Set down exactly the lines below, starting at the one that contains "#43=ORIENTED_EDGE('',*,*,#42,.F.);" and ending at the one that contains "#76=DIRECTION('',(1.,0.,0.));", with both of those lines included and nothing else.

(Stored items from a collection)
==============================

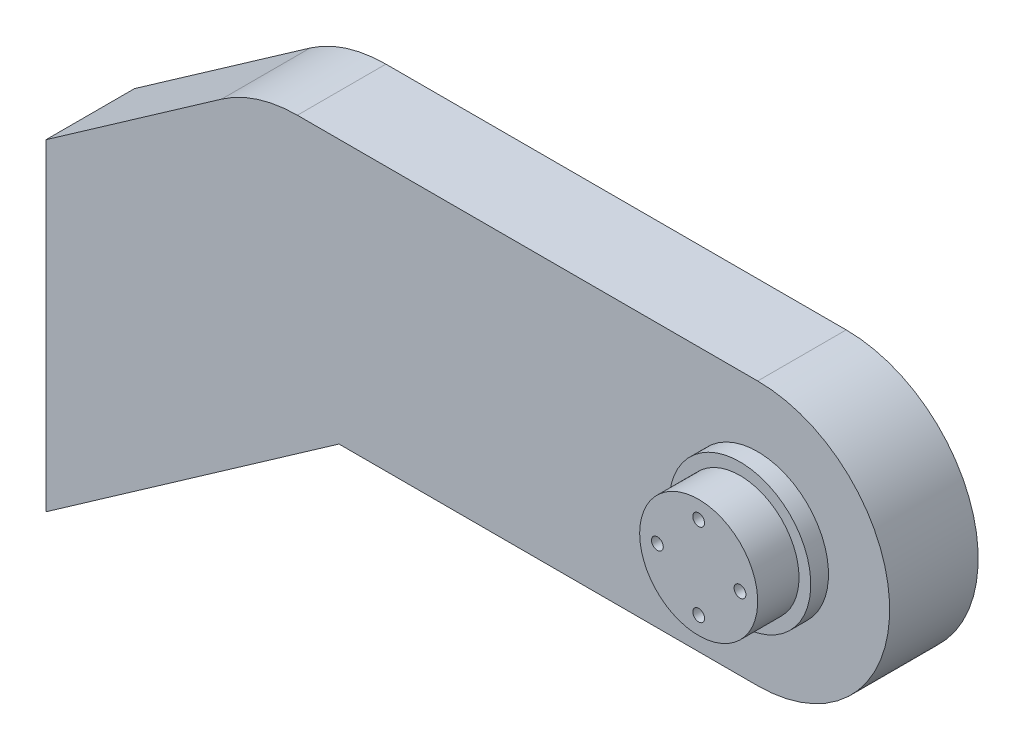
ISO-10303-21;
HEADER;
FILE_DESCRIPTION(('STEP AP214'),'2;1');
FILE_NAME('part.step','',(''),(''),'','','');
FILE_SCHEMA(('AUTOMOTIVE_DESIGN { 1 0 10303 214 1 1 1 1 }'));
ENDSEC;
DATA;
#1=APPLICATION_CONTEXT('core data for automotive mechanical design processes');
#2=APPLICATION_PROTOCOL_DEFINITION('international standard','automotive_design',2000,#1);
#3=PRODUCT_CONTEXT('',#1,'mechanical');
#4=PRODUCT('Part','Part','',(#3));
#5=PRODUCT_RELATED_PRODUCT_CATEGORY('part','',(#4));
#6=PRODUCT_DEFINITION_FORMATION('','',#4);
#7=PRODUCT_DEFINITION_CONTEXT('part definition',#1,'design');
#8=PRODUCT_DEFINITION('design','',#6,#7);
#9=PRODUCT_DEFINITION_SHAPE('','',#8);
#10=(LENGTH_UNIT() NAMED_UNIT(*) SI_UNIT(.MILLI.,.METRE.));
#11=(NAMED_UNIT(*) PLANE_ANGLE_UNIT() SI_UNIT($,.RADIAN.));
#12=(NAMED_UNIT(*) SI_UNIT($,.STERADIAN.) SOLID_ANGLE_UNIT());
#13=UNCERTAINTY_MEASURE_WITH_UNIT(LENGTH_MEASURE(1.E-05),#10,'distance_accuracy_value','');
#14=(GEOMETRIC_REPRESENTATION_CONTEXT(3) GLOBAL_UNCERTAINTY_ASSIGNED_CONTEXT((#13)) GLOBAL_UNIT_ASSIGNED_CONTEXT((#10,
#11,#12)) REPRESENTATION_CONTEXT('',''));
#15=CARTESIAN_POINT('',(0.,0.,0.));
#16=DIRECTION('',(0.,0.,1.));
#17=DIRECTION('',(1.,0.,0.));
#18=AXIS2_PLACEMENT_3D('',#15,#16,#17);
#19=CARTESIAN_POINT('',(153.21162338788,22.365,25.));
#20=DIRECTION('',(0.,0.,-1.));
#21=DIRECTION('',(-1.,0.,0.));
#22=AXIS2_PLACEMENT_3D('',#19,#20,#21);
#23=CYLINDRICAL_SURFACE('',#22,10.);
#24=CARTESIAN_POINT('',(153.21162338788,22.365,25.));
#25=DIRECTION('',(0.,0.,-1.));
#26=DIRECTION('',(-1.,0.,0.));
#27=AXIS2_PLACEMENT_3D('',#24,#25,#26);
#28=CIRCLE('',#27,10.);
#29=CARTESIAN_POINT('',(143.21162338788,22.365,25.));
#30=VERTEX_POINT('',#29);
#31=EDGE_CURVE('E146',#30,#30,#28,.T.);
#32=ORIENTED_EDGE('',*,*,#31,.T.);
#33=EDGE_LOOP('',(#32));
#34=FACE_BOUND('',#33,.T.);
#35=CARTESIAN_POINT('',(153.21162338788,22.365,18.));
#36=DIRECTION('',(0.,0.,-1.));
#37=DIRECTION('',(-1.,0.,0.));
#38=AXIS2_PLACEMENT_3D('',#35,#36,#37);
#39=CIRCLE('',#38,10.);
#40=CARTESIAN_POINT('',(143.21162338788,22.365,18.));
#41=VERTEX_POINT('',#40);
#42=EDGE_CURVE('E200',#41,#41,#39,.T.);
#43=ORIENTED_EDGE('',*,*,#42,.F.);
#44=EDGE_LOOP('',(#43));
#45=FACE_BOUND('',#44,.T.);
#46=ADVANCED_FACE('F47',(#34,#45),#23,.T.);
#47=CARTESIAN_POINT('',(153.21162338788,22.365,25.));
#48=DIRECTION('',(0.,0.,-1.));
#49=DIRECTION('',(-1.,0.,0.));
#50=AXIS2_PLACEMENT_3D('',#47,#48,#49);
#51=PLANE('',#50);
#52=CARTESIAN_POINT('',(153.21162338788,29.365,25.));
#53=DIRECTION('',(0.,0.,1.));
#54=DIRECTION('',(1.,0.,0.));
#55=AXIS2_PLACEMENT_3D('',#52,#53,#54);
#56=CIRCLE('',#55,0.999999999999998);
#57=CARTESIAN_POINT('',(154.21162338788,29.365,25.));
#58=VERTEX_POINT('',#57);
#59=EDGE_CURVE('E160',#58,#58,#56,.T.);
#60=ORIENTED_EDGE('',*,*,#59,.F.);
#61=EDGE_LOOP('',(#60));
#62=FACE_BOUND('',#61,.T.);
#63=CARTESIAN_POINT('',(146.21162338788,22.3649999999999,25.));
#64=DIRECTION('',(0.,0.,1.));
#65=DIRECTION('',(1.,0.,0.));
#66=AXIS2_PLACEMENT_3D('',#63,#64,#65);
#67=CIRCLE('',#66,0.99999999999999);
#68=CARTESIAN_POINT('',(147.21162338788,22.3649999999999,25.));
#69=VERTEX_POINT('',#68);
#70=EDGE_CURVE('E163',#69,#69,#67,.T.);
#71=ORIENTED_EDGE('',*,*,#70,.F.);
#72=EDGE_LOOP('',(#71));
#73=FACE_BOUND('',#72,.T.);
#74=CARTESIAN_POINT('',(153.21162338788,15.365,25.));
#75=DIRECTION('',(0.,0.,1.));
#76=DIRECTION('',(1.,0.,0.));
#77=AXIS2_PLACEMENT_3D('',#74,#75,#76);
#78=CIRCLE('',#77,0.999999999999996);
#79=CARTESIAN_POINT('',(154.21162338788,15.365,25.));
#80=VERTEX_POINT('',#79);
#81=EDGE_CURVE('E154',#80,#80,#78,.T.);
#82=ORIENTED_EDGE('',*,*,#81,.F.);
#83=EDGE_LOOP('',(#82));
#84=FACE_BOUND('',#83,.T.);
#85=CARTESIAN_POINT('',(160.21162338788,22.3650000000002,25.));
#86=DIRECTION('',(0.,0.,1.));
#87=DIRECTION('',(1.,0.,0.));
#88=AXIS2_PLACEMENT_3D('',#85,#86,#87);
#89=CIRCLE('',#88,0.999999999999998);
#90=CARTESIAN_POINT('',(161.21162338788,22.3650000000002,25.));
#91=VERTEX_POINT('',#90);
#92=EDGE_CURVE('E151',#91,#91,#89,.T.);
#93=ORIENTED_EDGE('',*,*,#92,.F.);
#94=EDGE_LOOP('',(#93));
#95=FACE_BOUND('',#94,.T.);
#96=ORIENTED_EDGE('',*,*,#31,.F.);
#97=EDGE_LOOP('',(#96));
#98=FACE_BOUND('',#97,.T.);
#99=ADVANCED_FACE('F210',(#62,#73,#84,#95,#98),#51,.F.);
#100=CARTESIAN_POINT('',(160.21162338788,22.3650000000002,20.));
#101=DIRECTION('',(0.,0.,1.));
#102=DIRECTION('',(1.,0.,0.));
#103=AXIS2_PLACEMENT_3D('',#100,#101,#102);
#104=CYLINDRICAL_SURFACE('',#103,0.999999999999998);
#105=CARTESIAN_POINT('',(160.21162338788,22.3650000000002,20.));
#106=DIRECTION('',(0.,0.,1.));
#107=DIRECTION('',(1.,0.,0.));
#108=AXIS2_PLACEMENT_3D('',#105,#106,#107);
#109=CIRCLE('',#108,0.999999999999998);
#110=CARTESIAN_POINT('',(161.21162338788,22.3650000000002,20.));
#111=VERTEX_POINT('',#110);
#112=EDGE_CURVE('E150',#111,#111,#109,.T.);
#113=ORIENTED_EDGE('',*,*,#112,.F.);
#114=EDGE_LOOP('',(#113));
#115=FACE_BOUND('',#114,.T.);
#116=ORIENTED_EDGE('',*,*,#92,.T.);
#117=EDGE_LOOP('',(#116));
#118=FACE_BOUND('',#117,.T.);
#119=ADVANCED_FACE('F215',(#115,#118),#104,.F.);
#120=CARTESIAN_POINT('',(160.21162338788,22.3650000000002,20.));
#121=DIRECTION('',(0.,0.,1.));
#122=DIRECTION('',(1.,0.,0.));
#123=AXIS2_PLACEMENT_3D('',#120,#121,#122);
#124=PLANE('',#123);
#125=ORIENTED_EDGE('',*,*,#112,.T.);
#126=EDGE_LOOP('',(#125));
#127=FACE_BOUND('',#126,.T.);
#128=ADVANCED_FACE('F263',(#127),#124,.T.);
#129=CARTESIAN_POINT('',(153.21162338788,15.365,20.));
#130=DIRECTION('',(0.,0.,1.));
#131=DIRECTION('',(1.,0.,0.));
#132=AXIS2_PLACEMENT_3D('',#129,#130,#131);
#133=CYLINDRICAL_SURFACE('',#132,0.999999999999996);
#134=CARTESIAN_POINT('',(153.21162338788,15.365,20.));
#135=DIRECTION('',(0.,0.,1.));
#136=DIRECTION('',(1.,0.,0.));
#137=AXIS2_PLACEMENT_3D('',#134,#135,#136);
#138=CIRCLE('',#137,0.999999999999996);
#139=CARTESIAN_POINT('',(154.21162338788,15.365,20.));
#140=VERTEX_POINT('',#139);
#141=EDGE_CURVE('E164',#140,#140,#138,.T.);
#142=ORIENTED_EDGE('',*,*,#141,.F.);
#143=EDGE_LOOP('',(#142));
#144=FACE_BOUND('',#143,.T.);
#145=ORIENTED_EDGE('',*,*,#81,.T.);
#146=EDGE_LOOP('',(#145));
#147=FACE_BOUND('',#146,.T.);
#148=ADVANCED_FACE('F257',(#144,#147),#133,.F.);
#149=CARTESIAN_POINT('',(153.21162338788,15.365,20.));
#150=DIRECTION('',(0.,0.,1.));
#151=DIRECTION('',(1.,0.,0.));
#152=AXIS2_PLACEMENT_3D('',#149,#150,#151);
#153=PLANE('',#152);
#154=ORIENTED_EDGE('',*,*,#141,.T.);
#155=EDGE_LOOP('',(#154));
#156=FACE_BOUND('',#155,.T.);
#157=ADVANCED_FACE('F260',(#156),#153,.T.);
#158=CARTESIAN_POINT('',(146.21162338788,22.3649999999999,20.));
#159=DIRECTION('',(0.,0.,1.));
#160=DIRECTION('',(1.,0.,0.));
#161=AXIS2_PLACEMENT_3D('',#158,#159,#160);
#162=CYLINDRICAL_SURFACE('',#161,0.99999999999999);
#163=CARTESIAN_POINT('',(146.21162338788,22.3649999999999,20.));
#164=DIRECTION('',(0.,0.,1.));
#165=DIRECTION('',(1.,0.,0.));
#166=AXIS2_PLACEMENT_3D('',#163,#164,#165);
#167=CIRCLE('',#166,0.99999999999999);
#168=CARTESIAN_POINT('',(147.21162338788,22.3649999999999,20.));
#169=VERTEX_POINT('',#168);
#170=EDGE_CURVE('E158',#169,#169,#167,.T.);
#171=ORIENTED_EDGE('',*,*,#170,.F.);
#172=EDGE_LOOP('',(#171));
#173=FACE_BOUND('',#172,.T.);
#174=ORIENTED_EDGE('',*,*,#70,.T.);
#175=EDGE_LOOP('',(#174));
#176=FACE_BOUND('',#175,.T.);
#177=ADVANCED_FACE('F262',(#173,#176),#162,.F.);
#178=CARTESIAN_POINT('',(146.21162338788,22.3649999999999,20.));
#179=DIRECTION('',(0.,0.,1.));
#180=DIRECTION('',(1.,0.,0.));
#181=AXIS2_PLACEMENT_3D('',#178,#179,#180);
#182=PLANE('',#181);
#183=ORIENTED_EDGE('',*,*,#170,.T.);
#184=EDGE_LOOP('',(#183));
#185=FACE_BOUND('',#184,.T.);
#186=ADVANCED_FACE('F253',(#185),#182,.T.);
#187=CARTESIAN_POINT('',(153.21162338788,29.365,20.));
#188=DIRECTION('',(0.,0.,1.));
#189=DIRECTION('',(1.,0.,0.));
#190=AXIS2_PLACEMENT_3D('',#187,#188,#189);
#191=CYLINDRICAL_SURFACE('',#190,0.999999999999998);
#192=CARTESIAN_POINT('',(153.21162338788,29.365,20.));
#193=DIRECTION('',(0.,0.,1.));
#194=DIRECTION('',(1.,0.,0.));
#195=AXIS2_PLACEMENT_3D('',#192,#193,#194);
#196=CIRCLE('',#195,0.999999999999998);
#197=CARTESIAN_POINT('',(154.21162338788,29.365,20.));
#198=VERTEX_POINT('',#197);
#199=EDGE_CURVE('E148',#198,#198,#196,.T.);
#200=ORIENTED_EDGE('',*,*,#199,.F.);
#201=EDGE_LOOP('',(#200));
#202=FACE_BOUND('',#201,.T.);
#203=ORIENTED_EDGE('',*,*,#59,.T.);
#204=EDGE_LOOP('',(#203));
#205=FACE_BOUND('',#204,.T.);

==============================

:: Exercise result ::
#43=ORIENTED_EDGE('',*,*,#42,.F.);
#44=EDGE_LOOP('',(#43));
#45=FACE_BOUND('',#44,.T.);
#46=ADVANCED_FACE('F47',(#34,#45),#23,.T.);
#47=CARTESIAN_POINT('',(153.21162338788,22.365,25.));
#48=DIRECTION('',(0.,0.,-1.));
#49=DIRECTION('',(-1.,0.,0.));
#50=AXIS2_PLACEMENT_3D('',#47,#48,#49);
#51=PLANE('',#50);
#52=CARTESIAN_POINT('',(153.21162338788,29.365,25.));
#53=DIRECTION('',(0.,0.,1.));
#54=DIRECTION('',(1.,0.,0.));
#55=AXIS2_PLACEMENT_3D('',#52,#53,#54);
#56=CIRCLE('',#55,0.999999999999998);
#57=CARTESIAN_POINT('',(154.21162338788,29.365,25.));
#58=VERTEX_POINT('',#57);
#59=EDGE_CURVE('E160',#58,#58,#56,.T.);
#60=ORIENTED_EDGE('',*,*,#59,.F.);
#61=EDGE_LOOP('',(#60));
#62=FACE_BOUND('',#61,.T.);
#63=CARTESIAN_POINT('',(146.21162338788,22.3649999999999,25.));
#64=DIRECTION('',(0.,0.,1.));
#65=DIRECTION('',(1.,0.,0.));
#66=AXIS2_PLACEMENT_3D('',#63,#64,#65);
#67=CIRCLE('',#66,0.99999999999999);
#68=CARTESIAN_POINT('',(147.21162338788,22.3649999999999,25.));
#69=VERTEX_POINT('',#68);
#70=EDGE_CURVE('E163',#69,#69,#67,.T.);
#71=ORIENTED_EDGE('',*,*,#70,.F.);
#72=EDGE_LOOP('',(#71));
#73=FACE_BOUND('',#72,.T.);
#74=CARTESIAN_POINT('',(153.21162338788,15.365,25.));
#75=DIRECTION('',(0.,0.,1.));
#76=DIRECTION('',(1.,0.,0.));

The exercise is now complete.